Aim of the exercise: Please reproduce the data exactly and omit the pictures.

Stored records
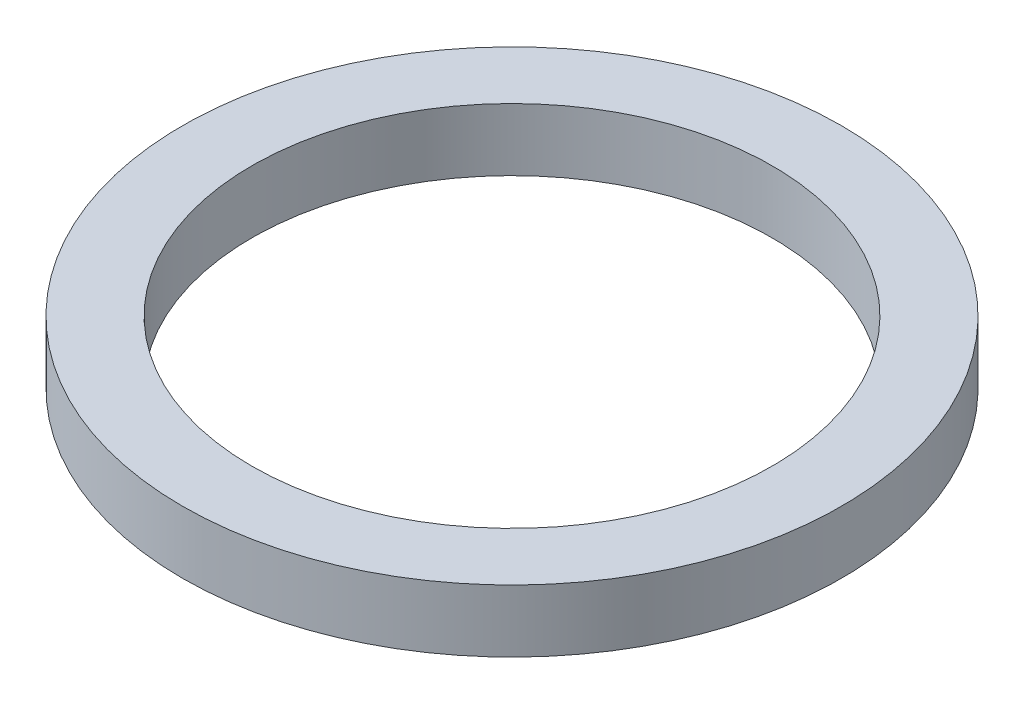
from build123d import *

# Parameters (mm, degrees)
SKETCH1_R           = 47.5
SKETCH1_R_2         = 37.5
BOSS_EXTRUDE1_DEPTH = 9


with BuildPart() as part:
    # Sketch1 → Boss-Extrude1 (new body)
    with BuildSketch(Plane(origin=(0, 0, 0), x_dir=(1, 0, 0), z_dir=(0, 1, 0))):
        Circle(SKETCH1_R)
        Circle(SKETCH1_R_2, mode=Mode.SUBTRACT)
    extrude(amount=BOSS_EXTRUDE1_DEPTH)


solid = part.part
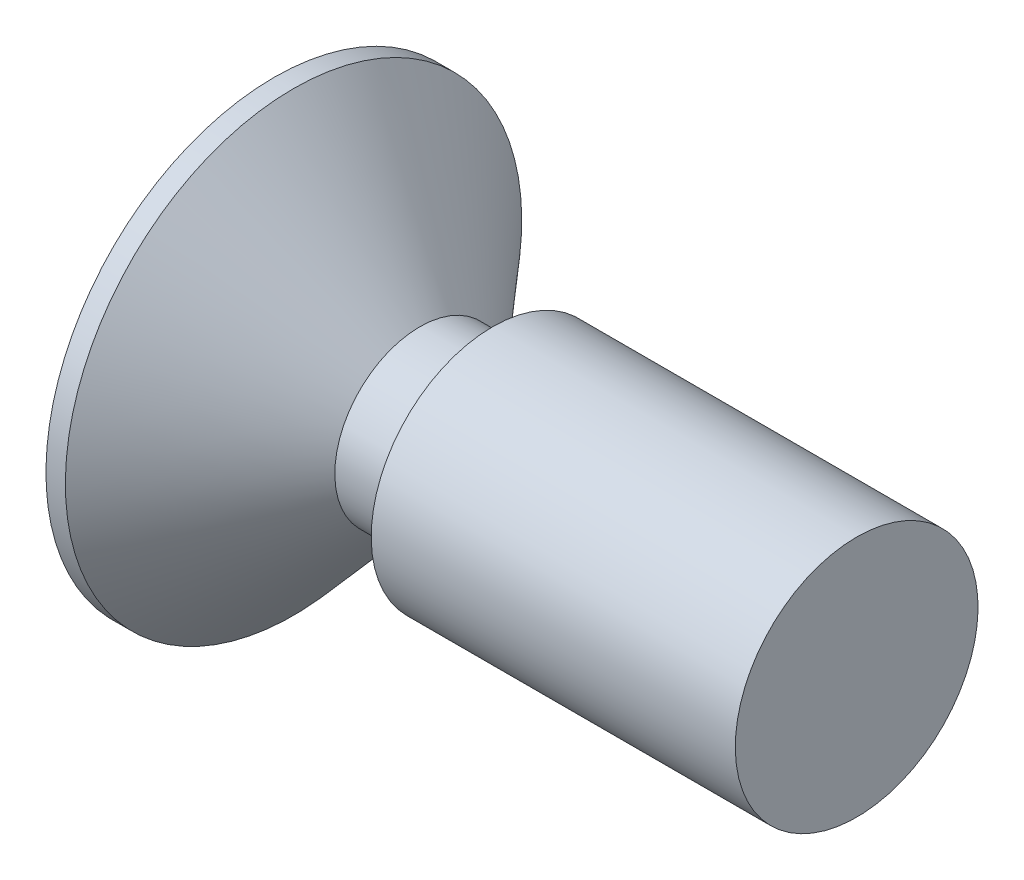
from build123d import *

# Parameters (mm, degrees)
CUT_EXTRUDE_1_DEPTH = 0.75


with BuildPart() as part:
    # 草图1 → 旋转1 (revolve)
    with BuildSketch(Plane.XY):
        Polygon((0, 0), (0, 1.25), (-3.75, 1.25), (-3.75, 0.875), (-4.5, 0.875), (-5.8, 2.35), (-6, 2.35), (-6, 0), align=None)
    revolve(axis=Axis((0, 0, 0), (-1, 0, 0)))

    # 草图2 → 切除-拉伸1 (cut)
    with BuildSketch(Plane.ZY.offset(6)):
        with BuildLine():
            Line((-0.3125, 1.5), (0.3125, 1.5))
            Line((0.3125, 1.5), (0.3125, 0.5625))
            ThreePointArc((0.3125, 0.5625), (0.385723305, 0.385723305), (0.5625, 0.3125))
            Line((0.5625, 0.3125), (1.5, 0.3125))
            Line((1.5, 0.3125), (1.5, -0.3125))
            Line((1.5, -0.3125), (0.5625, -0.3125))
            ThreePointArc((0.5625, -0.3125), (0.385723305, -0.385723305), (0.3125, -0.5625))
            Line((0.3125, -0.5625), (0.3125, -1.5))
            Line((0.3125, -1.5), (-0.3125, -1.5))
            Line((-0.3125, -1.5), (-0.3125, -0.5625))
            ThreePointArc((-0.3125, -0.5625), (-0.385723305, -0.385723305), (-0.5625, -0.3125))
            Line((-0.5625, -0.3125), (-1.5, -0.3125))
            Line((-1.5, -0.3125), (-1.5, 0.3125))
            Line((-1.5, 0.3125), (-0.5625, 0.3125))
            ThreePointArc((-0.5625, 0.3125), (-0.385723305, 0.385723305), (-0.3125, 0.5625))
            Line((-0.3125, 0.5625), (-0.3125, 1.5))
        make_face()
    extrude(amount=-CUT_EXTRUDE_1_DEPTH, mode=Mode.SUBTRACT)


solid = part.part
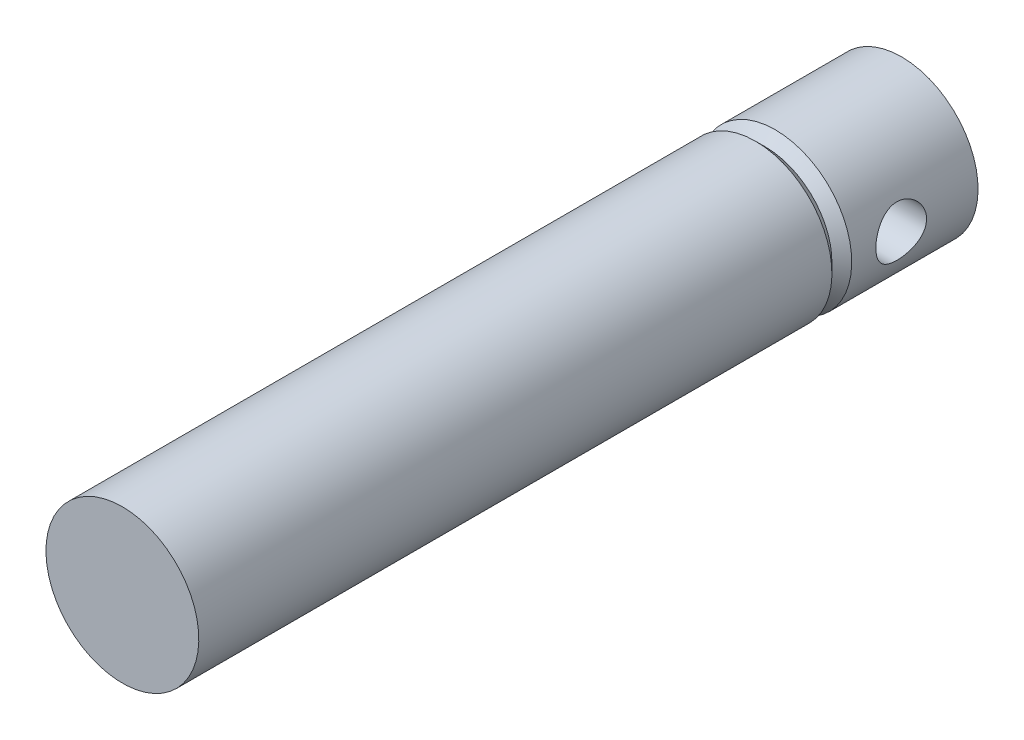
from build123d import *

# Parameters (mm, degrees)
SKETCH2_R                 = 3.2
FRONT_MOUNTING_DEPTH      = 10.65
FRONT_MOUNTING_DEPTH_BACK = 10.65


with BuildPart() as part:
    # Sketch1 → Body (revolve)
    with BuildSketch(Plane(origin=(0, 0, 0), x_dir=(0, 0, -1), z_dir=(1, 0, 0))):
        Polygon((51.45, 9.65), (50.2, 8.4), (48.95, 9.65), (-31, 9.65), (-31, 0), (67.4, 0), (67.4, 9.65), (57.7, 9.65), align=None)
    revolve(axis=Axis((0, 0, -67.4), (0, 0, 1)))

    # Sketch2 → Front-Mounting (cut, two sides)
    with BuildSketch(Plane(origin=(0, 0, 0), x_dir=(0, 0, -1), z_dir=(1, 0, 0))) as front_mounting_sk:
        with Locations((57.7, 0)):
            Circle(SKETCH2_R)
    extrude(amount=FRONT_MOUNTING_DEPTH, mode=Mode.SUBTRACT)
    extrude(front_mounting_sk.sketch, amount=-FRONT_MOUNTING_DEPTH_BACK, mode=Mode.SUBTRACT)


solid = part.part
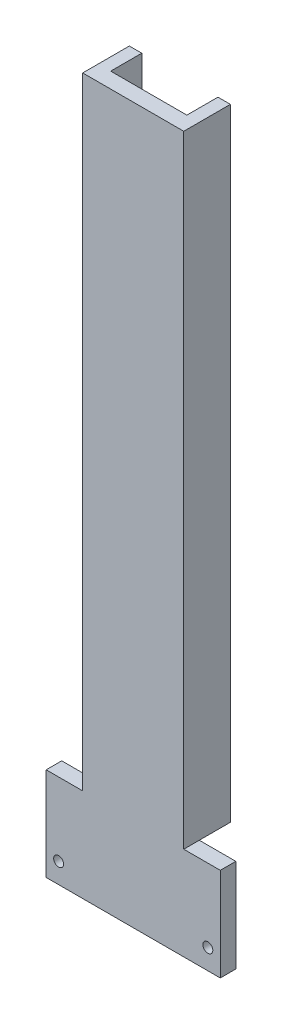
from build123d import *

# Parameters (mm, degrees)
BOSS_EXTRUDE1_DEPTH            = 200
BOSS_EXTRUDE2_DEPTH            = 5
M3_CLEARANCE_HOLE1_D           = 3.2
M3_CLEARANCE_HOLE1_CSINK_D     = 3.25
M3_CLEARANCE_HOLE1_CSINK_ANGLE = 90


with BuildPart() as part:
    # Sketch1 → Boss-Extrude1 (new body)
    with BuildSketch(Plane(origin=(0, 0, 0), x_dir=(1, 0, 0), z_dir=(0, 1, 0))):
        Polygon((0, 0), (0, -15), (32.5, -15), (32.5, 0), (28.5, 0), (28.5, -10), (4, -10), (4, 0), align=None)
    extrude(amount=BOSS_EXTRUDE1_DEPTH)

    # Sketch2 → Boss-Extrude2 (add)
    with BuildSketch(Plane.XY.offset(15)):
        Polygon((32.5, 0), (44.25, 0), (44.25, -30), (-11.75, -30), (-11.75, 0), (0, 0), align=None)
    extrude(amount=-BOSS_EXTRUDE2_DEPTH)

    # M3 Clearance Hole1 (through all)
    with Locations(Plane(origin=(0, 0, 10), x_dir=(-1, 0, 0), z_dir=(0, 0, -1))):
        with Locations((7.75, -23.5), (-40.25, -23.5)):
            CounterSinkHole(M3_CLEARANCE_HOLE1_D / 2, M3_CLEARANCE_HOLE1_CSINK_D / 2, counter_sink_angle=M3_CLEARANCE_HOLE1_CSINK_ANGLE)


solid = part.part

Final answer:
from build123d import *

# Parameters (mm, degrees)
SKETCH1_R           = 47.5
SKETCH1_R_2         = 37.5
BOSS_EXTRUDE1_DEPTH = 9


with BuildPart() as part:
    # Sketch1 → Boss-Extrude1 (new body)
    with BuildSketch(Plane(origin=(0, 0, 0), x_dir=(1, 0, 0), z_dir=(0, 1, 0))):
        Circle(SKETCH1_R)
        Circle(SKETCH1_R_2, mode=Mode.SUBTRACT)
    extrude(amount=BOSS_EXTRUDE1_DEPTH)


solid = part.part
from build123d import *

# Parameters (mm, degrees)
CUT_EXTRUDE_1_DEPTH = 0.75


with BuildPart() as part:
    # 草图1 → 旋转1 (revolve)
    with BuildSketch(Plane.XY):
        Polygon((0, 0), (0, 1.25), (-3.75, 1.25), (-3.75, 0.875), (-4.5, 0.875), (-5.8, 2.35), (-6, 2.35), (-6, 0), align=None)
    revolve(axis=Axis((0, 0, 0), (-1, 0, 0)))

    # 草图2 → 切除-拉伸1 (cut)
    with BuildSketch(Plane.ZY.offset(6)):
        with BuildLine():
            Line((-0.3125, 1.5), (0.3125, 1.5))
            Line((0.3125, 1.5), (0.3125, 0.5625))
            ThreePointArc((0.3125, 0.5625), (0.385723305, 0.385723305), (0.5625, 0.3125))
            Line((0.5625, 0.3125), (1.5, 0.3125))
            Line((1.5, 0.3125), (1.5, -0.3125))
            Line((1.5, -0.3125), (0.5625, -0.3125))
            ThreePointArc((0.5625, -0.3125), (0.385723305, -0.385723305), (0.3125, -0.5625))
            Line((0.3125, -0.5625), (0.3125, -1.5))
            Line((0.3125, -1.5), (-0.3125, -1.5))
            Line((-0.3125, -1.5), (-0.3125, -0.5625))
            ThreePointArc((-0.3125, -0.5625), (-0.385723305, -0.385723305), (-0.5625, -0.3125))
            Line((-0.5625, -0.3125), (-1.5, -0.3125))
            Line((-1.5, -0.3125), (-1.5, 0.3125))
            Line((-1.5, 0.3125), (-0.5625, 0.3125))
            ThreePointArc((-0.5625, 0.3125), (-0.385723305, 0.385723305), (-0.3125, 0.5625))
            Line((-0.3125, 0.5625), (-0.3125, 1.5))
        make_face()
    extrude(amount=-CUT_EXTRUDE_1_DEPTH, mode=Mode.SUBTRACT)


solid = part.part
from build123d import *

# Parameters (mm, degrees)
SKETCH2_R                 = 3.2
FRONT_MOUNTING_DEPTH      = 10.65
FRONT_MOUNTING_DEPTH_BACK = 10.65


with BuildPart() as part:
    # Sketch1 → Body (revolve)
    with BuildSketch(Plane(origin=(0, 0, 0), x_dir=(0, 0, -1), z_dir=(1, 0, 0))):
        Polygon((51.45, 9.65), (50.2, 8.4), (48.95, 9.65), (-31, 9.65), (-31, 0), (67.4, 0), (67.4, 9.65), (57.7, 9.65), align=None)
    revolve(axis=Axis((0, 0, -67.4), (0, 0, 1)))

    # Sketch2 → Front-Mounting (cut, two sides)
    with BuildSketch(Plane(origin=(0, 0, 0), x_dir=(0, 0, -1), z_dir=(1, 0, 0))) as front_mounting_sk:
        with Locations((57.7, 0)):
            Circle(SKETCH2_R)
    extrude(amount=FRONT_MOUNTING_DEPTH, mode=Mode.SUBTRACT)
    extrude(front_mounting_sk.sketch, amount=-FRONT_MOUNTING_DEPTH_BACK, mode=Mode.SUBTRACT)


solid = part.part
from build123d import *

# Parameters (mm, degrees)
BOSS_EXTRUDE1_DEPTH            = 200
BOSS_EXTRUDE2_DEPTH            = 5
M3_CLEARANCE_HOLE1_D           = 3.2
M3_CLEARANCE_HOLE1_CSINK_D     = 3.25
M3_CLEARANCE_HOLE1_CSINK_ANGLE = 90


with BuildPart() as part:
    # Sketch1 → Boss-Extrude1 (new body)
    with BuildSketch(Plane(origin=(0, 0, 0), x_dir=(1, 0, 0), z_dir=(0, 1, 0))):
        Polygon((0, 0), (0, -15), (32.5, -15), (32.5, 0), (28.5, 0), (28.5, -10), (4, -10), (4, 0), align=None)
    extrude(amount=BOSS_EXTRUDE1_DEPTH)

    # Sketch2 → Boss-Extrude2 (add)
    with BuildSketch(Plane.XY.offset(15)):
        Polygon((32.5, 0), (44.25, 0), (44.25, -30), (-11.75, -30), (-11.75, 0), (0, 0), align=None)
    extrude(amount=-BOSS_EXTRUDE2_DEPTH)

    # M3 Clearance Hole1 (through all)
    with Locations(Plane(origin=(0, 0, 10), x_dir=(-1, 0, 0), z_dir=(0, 0, -1))):
        with Locations((7.75, -23.5), (-40.25, -23.5)):
            CounterSinkHole(M3_CLEARANCE_HOLE1_D / 2, M3_CLEARANCE_HOLE1_CSINK_D / 2, counter_sink_angle=M3_CLEARANCE_HOLE1_CSINK_ANGLE)


solid = part.part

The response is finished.